Treatment indicator (=1 if placebo, =2 if low dose, =3 if high dose)

• Typo in Homework 2, Problem 1(e). In Problem 1(e), is should say "q=4 groups" (not "times").

• Typo in Homework 2, Problem 2(g). In Problem 2(g), it should read "Returning to the issue in (d)..." (that is, it should refer to (d) instead of (c)).

• Forgotten Homework 2: Hard copies of Homework 2 were supposed to be handed out on Tuesday, February 6, but were not. These will be handed out on Thursday, February 8. In the meantime, you may download a copy above.

• SAS procedure for standardizing variables: There is a procedure called PROC STDIZE that will automatically standardize variables. See the updated version of the program for Example 1 in Chapter 4 for demonstration of its use.

• Typos in Homework 1, problem 7(a): In this problem, time is in units of "hours." In part (a)(ii), "day" should be "time (hours)." In part (a)(iv), "month" should be "time (hours)."

• Homework 1: Several of you have asked about fitting model (3) in problem 5(e) of the homework. At the bottom of page 3, you are asked to write a SAS program that reads in the data and then fits both of models (2) and (3).
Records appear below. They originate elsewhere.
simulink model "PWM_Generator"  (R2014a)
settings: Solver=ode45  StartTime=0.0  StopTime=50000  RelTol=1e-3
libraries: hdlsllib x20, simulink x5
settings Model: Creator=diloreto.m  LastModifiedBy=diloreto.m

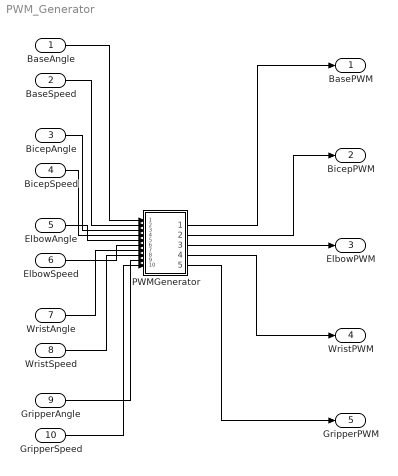
== system PWM_Generator ==
  BaseAngle : Inport  OutDataTypeStr=uint8  SampleTime=1
  BaseSpeed : Inport  Port=2  OutDataTypeStr=uint8  SampleTime=1
  BicepAngle : Inport  Port=3  OutDataTypeStr=uint8  SampleTime=1
  BicepSpeed : Inport  Port=4  OutDataTypeStr=uint8  SampleTime=1
  ElbowAngle : Inport  Port=5  OutDataTypeStr=uint8  SampleTime=1
  ElbowSpeed : Inport  Port=6  OutDataTypeStr=uint8  SampleTime=1
  WristAngle : Inport  Port=7  OutDataTypeStr=uint8  SampleTime=1
  WristSpeed : Inport  Port=8  OutDataTypeStr=uint8  SampleTime=1
  GripperAngle : Inport  Port=9  OutDataTypeStr=uint8  SampleTime=1
  GripperSpeed : Inport  Port=10  OutDataTypeStr=uint8  SampleTime=1
  PWMGenerator : Subsystem  TreatAsAtomicUnit=on  SystemSampleTime=1
  BasePWM : Outport
  BicepPWM : Outport  Port=2
  ElbowPWM : Outport  Port=3
  WristPWM : Outport  Port=4
  GripperPWM : Outport  Port=5
  wires:
  BaseAngle/1 -> PWMGenerator/1(BaseAngle)
  BaseSpeed/1 -> PWMGenerator/2(BaseSpeed)
  BicepAngle/1 -> PWMGenerator/3(BicepAngle)
  BicepSpeed/1 -> PWMGenerator/4(BicepSpeed)
  ElbowAngle/1 -> PWMGenerator/5(ElbowAngle)
  ElbowSpeed/1 -> PWMGenerator/6(ElbowSpeed)
  WristAngle/1 -> PWMGenerator/7(WristAngle)
  WristSpeed/1 -> PWMGenerator/8(WristSpeed)
  GripperAngle/1 -> PWMGenerator/9(GripperAngle)
  GripperSpeed/1 -> PWMGenerator/10(GripperSpeed)
  PWMGenerator/1(BasePWM) -> BasePWM/1
  PWMGenerator/2(BicepPWM) -> BicepPWM/1
  PWMGenerator/3(ElbowPWM) -> ElbowPWM/1
  PWMGenerator/4(WristPWM) -> WristPWM/1
  PWMGenerator/5(GripperPWM) -> GripperPWM/1

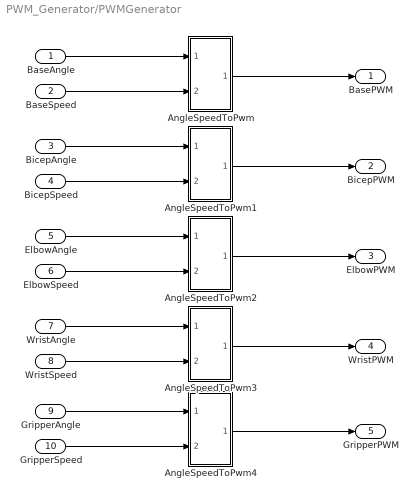
== system PWM_Generator/PWMGenerator ==
  BaseAngle : Inport  OutDataTypeStr=uint8  SampleTime=1
  BaseSpeed : Inport  Port=2  OutDataTypeStr=uint8  SampleTime=1
  BicepAngle : Inport  Port=3  OutDataTypeStr=uint8  SampleTime=1
  BicepSpeed : Inport  Port=4  OutDataTypeStr=uint8  SampleTime=1
  ElbowAngle : Inport  Port=5  OutDataTypeStr=uint8  SampleTime=1
  ElbowSpeed : Inport  Port=6  OutDataTypeStr=uint8  SampleTime=1
  WristAngle : Inport  Port=7  OutDataTypeStr=uint8  SampleTime=1
  WristSpeed : Inport  Port=8  OutDataTypeStr=uint8  SampleTime=1
  GripperAngle : Inport  Port=9  OutDataTypeStr=uint8  SampleTime=1
  GripperSpeed : Inport  Port=10  OutDataTypeStr=uint8  SampleTime=1
  AngleSpeedToPwm : Subsystem
  AngleSpeedToPwm1 : Subsystem
  AngleSpeedToPwm2 : Subsystem
  AngleSpeedToPwm3 : Subsystem
  AngleSpeedToPwm4 : Subsystem
  BasePWM : Outport
  BicepPWM : Outport  Port=2
  ElbowPWM : Outport  Port=3
  WristPWM : Outport  Port=4
  GripperPWM : Outport  Port=5
  wires:
  AngleSpeedToPwm2/1(PWM) -> ElbowPWM/1
  ElbowSpeed/1 -> AngleSpeedToPwm2/2(Speed)
  ElbowAngle/1 -> AngleSpeedToPwm2/1(Angle)
  WristAngle/1 -> AngleSpeedToPwm3/1(Angle)
  WristSpeed/1 -> AngleSpeedToPwm3/2(Speed)
  AngleSpeedToPwm3/1(PWM) -> WristPWM/1
  GripperAngle/1 -> AngleSpeedToPwm4/1(Angle)
  GripperSpeed/1 -> AngleSpeedToPwm4/2(Speed)
  AngleSpeedToPwm4/1(PWM) -> GripperPWM/1
  BaseSpeed/1 -> AngleSpeedToPwm/2(Speed)
  BaseAngle/1 -> AngleSpeedToPwm/1(Angle)
  AngleSpeedToPwm/1(PWM) -> BasePWM/1
  AngleSpeedToPwm1/1(PWM) -> BicepPWM/1
  BicepAngle/1 -> AngleSpeedToPwm1/1(Angle)
  BicepSpeed/1 -> AngleSpeedToPwm1/2(Speed)

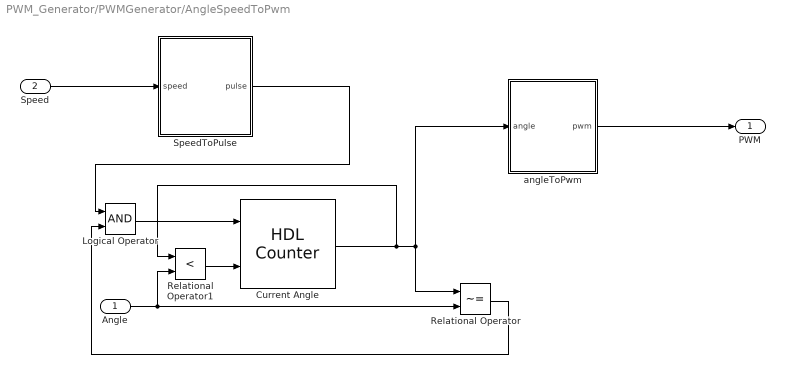
== system PWM_Generator/PWMGenerator/AngleSpeedToPwm ==
  Angle : Inport  OutDataTypeStr=uint8  SampleTime=1
  Speed : Inport  Port=2  OutDataTypeStr=uint8  SampleTime=1
  Current Angle : hdlsllib/HDL Operations/HDL Counter  CountType=Count limited  CountInit=90  CountStep=1  CountMax=180  CountFromType=Specify  CountFrom=0  CountResetPort=off  CountLoadPort=off  CountEnbPort=on  CountDirPort=on  CountDataType=Unsigned  CountWordLen=8  CountFracLen=0  CountSampTime=1
  Logical Operator : Logic  AllPortsSameDT=off  OutDataTypeStr=boolean  SampleTime=1
  Relational Operator : RelationalOperator  Operator=~=  OutDataTypeStr=boolean  SampleTime=1
  Relational Operator1 : RelationalOperator  Operator=<  OutDataTypeStr=boolean  SampleTime=1
  SpeedToPulse : Subsystem
  angleToPwm : Subsystem
  PWM : Outport  OutDataTypeStr=boolean  SampleTime=1
  wires:
  Current Angle/1 -> Relational Operator1/1, Relational Operator/1, angleToPwm/1(angle)
  Relational Operator1/1 -> Current Angle/2
  Angle/1 -> Relational Operator1/2, Relational Operator/2
  angleToPwm/1(pwm) -> PWM/1
  Speed/1 -> SpeedToPulse/1(speed)
  Logical Operator/1 -> Current Angle/1
  Relational Operator/1 -> Logical Operator/2
  SpeedToPulse/1(pulse) -> Logical Operator/1

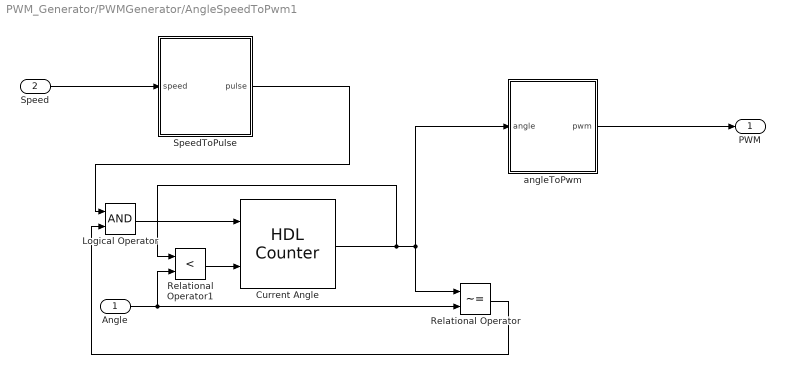
== system PWM_Generator/PWMGenerator/AngleSpeedToPwm1 ==
  Angle : Inport  OutDataTypeStr=uint8  SampleTime=1
  Speed : Inport  Port=2  OutDataTypeStr=uint8  SampleTime=1
  Current Angle : hdlsllib/HDL Operations/HDL Counter  CountType=Count limited  CountInit=90  CountStep=1  CountMax=180  CountFromType=Specify  CountFrom=0  CountResetPort=off  CountLoadPort=off  CountEnbPort=on  CountDirPort=on  CountDataType=Unsigned  CountWordLen=8  CountFracLen=0  CountSampTime=1
  Logical Operator : Logic  AllPortsSameDT=off  OutDataTypeStr=boolean  SampleTime=1
  Relational Operator : RelationalOperator  Operator=~=  OutDataTypeStr=boolean  SampleTime=1
  Relational Operator1 : RelationalOperator  Operator=<  OutDataTypeStr=boolean  SampleTime=1
  SpeedToPulse : Subsystem
  angleToPwm : Subsystem
  PWM : Outport  OutDataTypeStr=boolean  SampleTime=1
  wires:
  Current Angle/1 -> Relational Operator1/1, Relational Operator/1, angleToPwm/1(angle)
  Relational Operator1/1 -> Current Angle/2
  Angle/1 -> Relational Operator1/2, Relational Operator/2
  angleToPwm/1(pwm) -> PWM/1
  Speed/1 -> SpeedToPulse/1(speed)
  Logical Operator/1 -> Current Angle/1
  Relational Operator/1 -> Logical Operator/2
  SpeedToPulse/1(pulse) -> Logical Operator/1

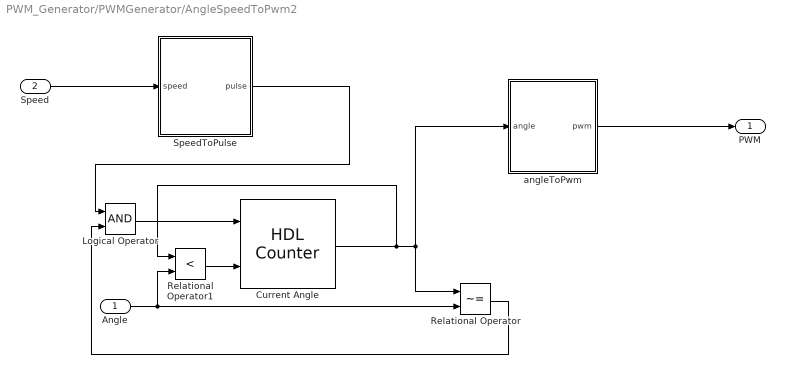
== system PWM_Generator/PWMGenerator/AngleSpeedToPwm2 ==
  Angle : Inport  OutDataTypeStr=uint8  SampleTime=1
  Speed : Inport  Port=2  OutDataTypeStr=uint8  SampleTime=1
  Current Angle : hdlsllib/HDL Operations/HDL Counter  CountType=Count limited  CountInit=90  CountStep=1  CountMax=180  CountFromType=Specify  CountFrom=0  CountResetPort=off  CountLoadPort=off  CountEnbPort=on  CountDirPort=on  CountDataType=Unsigned  CountWordLen=8  CountFracLen=0  CountSampTime=1
  Logical Operator : Logic  AllPortsSameDT=off  OutDataTypeStr=boolean  SampleTime=1
  Relational Operator : RelationalOperator  Operator=~=  OutDataTypeStr=boolean  SampleTime=1
  Relational Operator1 : RelationalOperator  Operator=<  OutDataTypeStr=boolean  SampleTime=1
  SpeedToPulse : Subsystem
  angleToPwm : Subsystem
  PWM : Outport  OutDataTypeStr=boolean  SampleTime=1
  wires:
  Current Angle/1 -> Relational Operator1/1, Relational Operator/1, angleToPwm/1(angle)
  Relational Operator1/1 -> Current Angle/2
  Angle/1 -> Relational Operator1/2, Relational Operator/2
  angleToPwm/1(pwm) -> PWM/1
  Speed/1 -> SpeedToPulse/1(speed)
  Logical Operator/1 -> Current Angle/1
  Relational Operator/1 -> Logical Operator/2
  SpeedToPulse/1(pulse) -> Logical Operator/1

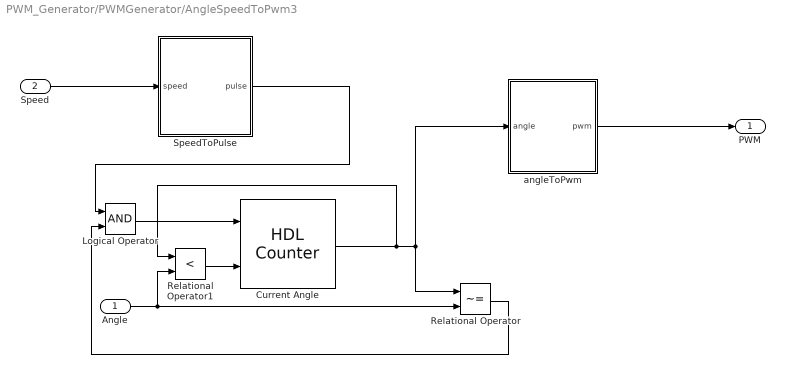
== system PWM_Generator/PWMGenerator/AngleSpeedToPwm3 ==
  Angle : Inport  OutDataTypeStr=uint8  SampleTime=1
  Speed : Inport  Port=2  OutDataTypeStr=uint8  SampleTime=1
  Current Angle : hdlsllib/HDL Operations/HDL Counter  CountType=Count limited  CountInit=90  CountStep=1  CountMax=180  CountFromType=Specify  CountFrom=0  CountResetPort=off  CountLoadPort=off  CountEnbPort=on  CountDirPort=on  CountDataType=Unsigned  CountWordLen=8  CountFracLen=0  CountSampTime=1
  Logical Operator : Logic  AllPortsSameDT=off  OutDataTypeStr=boolean  SampleTime=1
  Relational Operator : RelationalOperator  Operator=~=  OutDataTypeStr=boolean  SampleTime=1
  Relational Operator1 : RelationalOperator  Operator=<  OutDataTypeStr=boolean  SampleTime=1
  SpeedToPulse : Subsystem
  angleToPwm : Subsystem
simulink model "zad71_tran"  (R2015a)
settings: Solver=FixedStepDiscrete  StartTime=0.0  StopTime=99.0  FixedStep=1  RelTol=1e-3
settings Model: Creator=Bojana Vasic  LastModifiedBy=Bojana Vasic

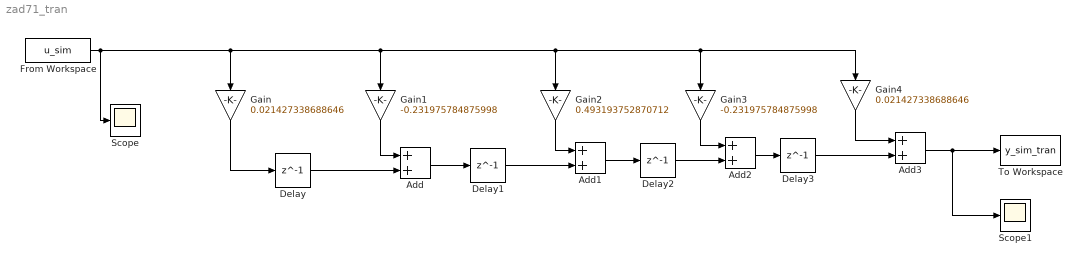
== system zad71_tran ==
  Add{,1..3} (4 alike) : Sum
  Delay{,1..3} (4 alike) : Delay  DelayLength=1
  From Workspace : FromWorkspace  VariableName=u_sim  SampleTime=1
  Gain : Gain  Gain=0.021427338688646
  Gain1 : Gain  Gain=-0.231975784875998
  Gain2 : Gain  Gain=0.493193752870712
  Gain3 : Gain  Gain=-0.231975784875998
  Gain4 : Gain  Gain=0.021427338688646
  Scope : Scope
  Scope1 : Scope
  To Workspace : ToWorkspace  VariableName=y_sim_tran  SampleTime=-1
      settings: Save2DSignal=2-D array (concatenate along first dimension)
  wires:
  From Workspace/1 -> Scope/1, Gain4/1, Gain3/1, Gain2/1, Gain1/1, Gain/1
  Gain1/1 -> Add/1
  Gain2/1 -> Add1/1
  Gain3/1 -> Add2/1
  Gain4/1 -> Add3/1
  Add3/1 -> Scope1/1, To Workspace/1
  Add2/1 -> Delay3/1
  Gain/1 -> Delay/1
  Delay/1 -> Add/2
  Add/1 -> Delay1/1
  Delay1/1 -> Add1/2
  Add1/1 -> Delay2/1
  Delay2/1 -> Add2/2
  Delay3/1 -> Add3/2

Here are some comments:

(i) When you read the data in from the file, given you are fitting a regression model in the ACTUAL times tj , you should not be transforming the times from the age scale (8,10,12,14) to (1,2,3,4) as in the example code at the end of the chapter -- otherwise, you will not be fitting the correct models. (ii) When you fit model (3), the problem says to "call proc glm as above, but now use instead the model statement"

model distance = gender age gender*age / solution; This means that you should KEEP the class statement you used to fit model (2), and just replace the model statement for model (2) with this one. If you also eliminate the class statement, you will not be fitting model (3). The point here is that the way SAS procedures parameterize models by default when a class statement is used to set up indicator ("dummy") variables for a covariate that takes on "categorical" values (like 0 and 1) may not be as you expect. (There are ways to override the default; if you are interested, see the SAS documentation for proc glm).

• Chapter 4, Example 1: There is an alternative and much easier way to transform data that are stored in the format of one data record (line) per observation to that of one data record (line) per individual:
```
data dent1; infile 'dental.dat';
input obsno child age distance gender;
run;

proc transpose data=dent1 out=dent2 prefix=age;
by gender child notsorted;
var distance;
run;
```
Thanks to Laine Elliott for sending code to show that proc transpose can do this! The Example 1, Chapter 4 programs have been updated to include this code.

Chapter 4, Example 1: Other ways to get the pooled sample covariance and pooled sample correlation matrices: I deliberately lied to you yesterday when I said that the only way to get these matrices in SAS is using proc discrim. It is also possible to get them using proc mixed (which we will introduce later in the course) and (almost) using proc glm with the manova option. The program for Example 1, Chapter 4 has been updated to add code to show how this may be accomplished.

• The due date for Homework 1 has been CHANGED to Tuesday, February 6. This change is reflected above.